The 3.4-km-long European XFEL is designed to deliver x-ray flashes every 220 ns. To unravel the three-dimensional (3D) structure of a biomolecule, such as an enzyme, the pulses are used to obtain flash x-ray exposures of tiny crystals grown from that biomolecule. Each exposure gives rise to a characteristic diffraction pattern on the detector. If enough such patterns are recorded from all sides of a crystal, the spatial structure of the biomolecule can be calculated. The structure of a biomolecule can reveal much about how it works.
However, every crystal can only be x-rayed once since it is vaporized by the intense flash (after it has produced a diffraction pattern). So, to build up the full 3D structure of the biomolecule, a new crystal has to be delivered into the beam in time for the next flash, by spraying it across the path of the laser in a water jet. The fastest pulse rate so far of any such x-ray laser has been 120 flashes/s. To probe biomolecules at full speed, not only the crystals must be replenished fast enough—the water jet is also vaporized by the x-rays and has to recover in time.
"We revved up the speed of the water jet carrying the samples to 100 m/s, that's about as fast as the speed record in formula 1," explains Max Wiedorn, who took care of the sample delivery together with his colleague Dominik Oberthür, both from the Center for Free-Electron Laser Science (CFEL; also in Hamburg). A specially designed nozzle made sure the high-speed jet would be stable and meet the requirements.
To record x-ray diffraction patterns at this fast rate, an international consortium led by Heinz Graafsma, who heads the detector group at DESY's photon science division and is also a professor at Mid Sweden University (Sundsvall, Sweden), designed and built a custom x-ray camera for the European XFEL. The Adaptive Gain Integrating Pixel Detector (AGIPD) can not only record images as fast as the x-ray pulses arrive, it can also tune the sensitivity of every pixel individually, making the most of the delicate diffraction patterns in which the information on the structure of the sample is encoded.
The scientists first determined the structure of a very well-known sample, the enzyme lysozyme from egg white, as a touchstone to verify the system worked as expected. Indeed, the structure derived at the European XFEL perfectly matches the known lysozyme structure, showing details as fine as 0.18 nm.

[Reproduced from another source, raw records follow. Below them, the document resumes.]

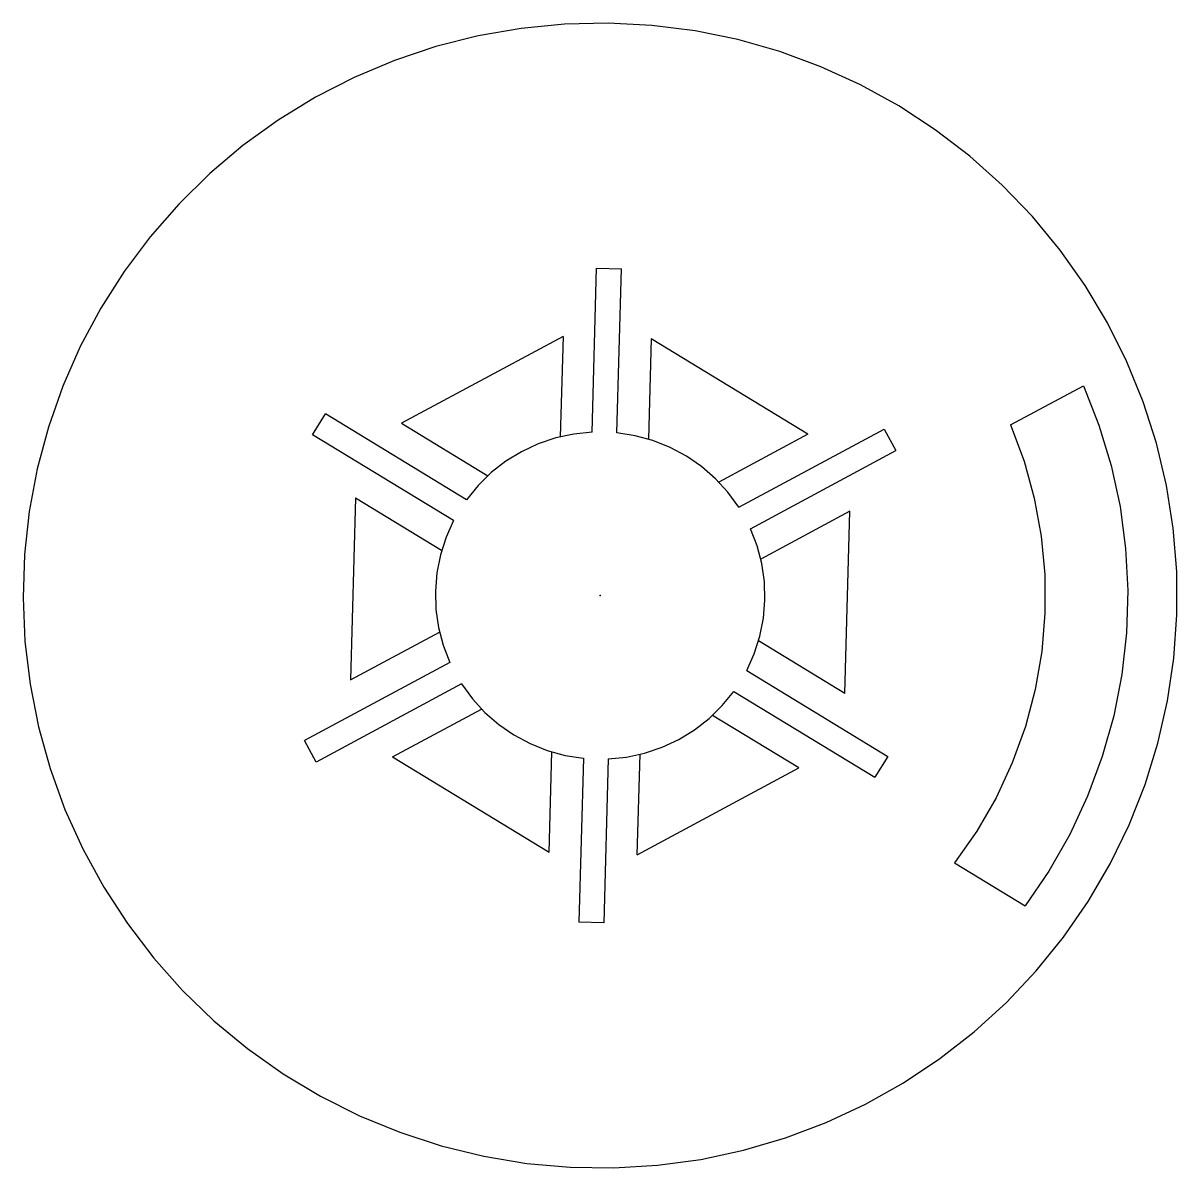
# Model space of a CAD drawing. Header units: millimetres. Extents: x -350 to 350, y -347 to 347.
import ezdxf

# ---------------------------------------------------------------- set-up
doc = ezdxf.new("R2010")
doc.units = ezdxf.units.MM
doc.header["$PDSIZE"] = -1

msp = doc.modelspace()

# ---------------------------------------------------------------- linework, layer by layer
at = {"color": 7, "linetype": 'Continuous'}
for p, q in [((-4.83, 99.12), (-2.14, 198.6)), ((-2.14, 198.6), (12.85, 198.19)), ((10.17, 98.71), (12.85, 198.19)), ((-22.53, 157.22), (-120.46, 104.6)), ((-22.53, 157.22), (-24.17, 96.31)), ((30.97, 155.76), (29.33, 94.85)), ((125.92, 97.87), (30.97, 155.76)), ((248.94, 103.55), (293.08, 127.26)), ((-174.39, 97.59), (-166.54, 110.27)), ((-81.07, 58.16), (-166.54, 110.27)), ((-120.46, 104.6), (-68.13, 72.69)), ((84.09, 53.65), (172.24, 101.01)), ((172.24, 101.01), (179.39, 87.92)), ((-88.91, 45.48), (-174.39, 97.59)), ((125.92, 97.87), (71.95, 68.87)), ((91.24, 40.56), (179.39, 87.92)), ((-148.45, 59.35), (-151.43, -51.16)), ((-148.45, 59.35), (-96.12, 27.44)), ((151.43, 51.16), (97.46, 22.16)), ((148.45, -59.35), (151.43, 51.16)), ((-151.43, -51.16), (-97.46, -22.16)), ((148.45, -59.35), (96.12, -27.44)), ((-91.24, -40.56), (-179.39, -87.92)), ((88.91, -45.48), (174.39, -97.59)), ((-84.09, -53.65), (-172.24, -101.01)), ((81.07, -58.16), (166.54, -110.27)), ((-125.92, -97.87), (-71.95, -68.87)), ((120.46, -104.6), (68.13, -72.69)), ((-172.24, -101.01), (-179.39, -87.92)), ((-125.92, -97.87), (-30.97, -155.76)), ((-30.97, -155.76), (-29.33, -94.85)), ((22.53, -157.22), (24.17, -96.31)), ((174.39, -97.59), (166.54, -110.27)), ((-10.17, -98.71), (-12.85, -198.19)), ((4.83, -99.12), (2.14, -198.6)), ((22.53, -157.22), (120.46, -104.6)), ((215, -162.24), (257.79, -188.33)), ((2.14, -198.6), (-12.85, -198.19))]:
    msp.add_line(p, q, dxfattribs=at)
at = {"color": 7, "linetype": 'Continuous', "flags": 128}
for points in [[(337.32, 92.37), (329.3, 117.43), (319.38, 141.81), (307.64, 165.38), (294.14, 188.01), (278.95, 209.56), (262.17, 229.91), (243.88, 248.94), (224.2, 266.54), (203.23, 282.62), (181.1, 297.08), (157.93, 309.84), (133.86, 320.82), (109.02, 329.97), (83.55, 337.22), (57.61, 342.55), (31.33, 345.91), (4.88, 347.29), (-21.6, 346.68), (-47.96, 344.08), (-74.04, 339.52), (-99.7, 333.01), (-124.79, 324.59), (-149.16, 314.31), (-172.68, 302.24), (-195.21, 288.43), (-216.62, 272.97), (-236.79, 255.94), (-255.6, 237.45), (-272.95, 217.6), (-288.74, 196.51), (-302.87, 174.29), (-315.27, 151.07), (-325.86, 126.98), (-334.59, 102.17), (-341.4, 76.77), (-346.25, 50.93), (-349.12, 24.8), (-349.99, -1.47), (-348.86, -27.73), (-345.72, -53.84), (-340.61, -79.63), (-333.55, -104.97), (-324.57, -129.71), (-313.74, -153.71), (-301.11, -176.82), (-286.75, -198.93), (-270.76, -219.89), (-253.21, -239.59), (-234.21, -257.92), (-213.87, -274.78), (-192.3, -290.06), (-169.64, -303.68), (-146, -315.55), (-121.52, -325.63), (-96.35, -333.83), (-70.63, -340.13), (-44.5, -344.47), (-18.12, -346.85), (8.37, -347.23), (34.8, -345.63), (61.04, -342.05), (86.93, -336.5), (112.32, -329.04), (137.07, -319.68), (161.03, -308.5), (184.07, -295.54), (206.06, -280.9), (226.87, -264.65), (246.37, -246.88), (264.47, -227.69), (281.05, -207.2), (296.02, -185.53), (309.29, -162.79), (320.79, -139.12), (330.46, -114.66), (338.23, -89.53), (344.07, -63.9), (347.93, -37.89), (349.8, -11.67), (349.67, 14.61), (347.54, 40.82), (343.41, 66.78), (337.32, 92.37)], [(293.08, 127.26), (302.46, 103.44), (309.89, 78.95), (315.3, 53.94), (318.67, 28.59), (319.98, 3.04), (319.21, -22.52), (316.36, -47.93), (311.47, -73.04), (304.56, -97.67), (295.67, -121.66), (284.86, -144.87), (272.21, -167.14), (257.79, -188.33)], [(-4.83, 99.12), (-15.97, 97.97), (-26.92, 95.59), (-37.53, 92.01), (-47.66, 87.27), (-57.2, 81.44), (-66.02, 74.58), (-74.01, 66.79), (-81.07, 58.16)], [(84.09, 53.65), (77.5, 62.65), (69.94, 70.87), (61.51, 78.2), (52.3, 84.54), (42.43, 89.83), (32.04, 93.98), (21.23, 96.96), (10.17, 98.71)], [(248.94, 103.55), (257.1, 81.62), (263.31, 59.06), (267.51, 36.06), (269.68, 12.79), (269.79, -10.59), (267.85, -33.88), (263.88, -56.92), (257.89, -79.52), (249.94, -101.52), (240.09, -122.74), (228.41, -143.03), (215, -162.24)], [(-88.91, 45.48), (-93.48, 35.32), (-96.86, 24.72), (-99.04, 13.81), (-99.96, 2.73), (-99.63, -8.39), (-98.05, -19.4), (-95.24, -30.17), (-91.24, -40.56)], [(88.91, -45.48), (93.48, -35.32), (96.86, -24.72), (99.04, -13.81), (99.96, -2.73), (99.63, 8.39), (98.05, 19.4), (95.24, 30.17), (91.24, 40.56)], [(-84.09, -53.65), (-77.5, -62.65), (-69.94, -70.87), (-61.51, -78.2), (-52.3, -84.54), (-42.43, -89.83), (-32.04, -93.98), (-21.23, -96.96), (-10.17, -98.71)], [(4.83, -99.12), (15.97, -97.97), (26.92, -95.59), (37.53, -92.01), (47.66, -87.27), (57.2, -81.44), (66.02, -74.58), (74.01, -66.79), (81.07, -58.16)]]:
    msp.add_lwpolyline(points, dxfattribs=at)
at = {"color": 7, "linetype": 'Continuous'}
msp.add_point((0, 0), dxfattribs=at)
msp.add_point((0, 0), dxfattribs=at)

doc.saveas('drawing.dxf')

As their second target, the team chose a bacterial enzyme that plays an important role in antibiotics resistance. The molecule designated CTX-M-14 β-lactamase was isolated from the bacterium Klebsiella pneumoniae whose multidrug-resistant strains are a grave concern in hospitals worldwide. Two years ago, even a pandrug-resistant strain of Klebsiella pneumoniae was identified in the U.S., according to the Centers for Disease Control and Prevention (CDC), unaffected by all 26 commonly available antibiotics.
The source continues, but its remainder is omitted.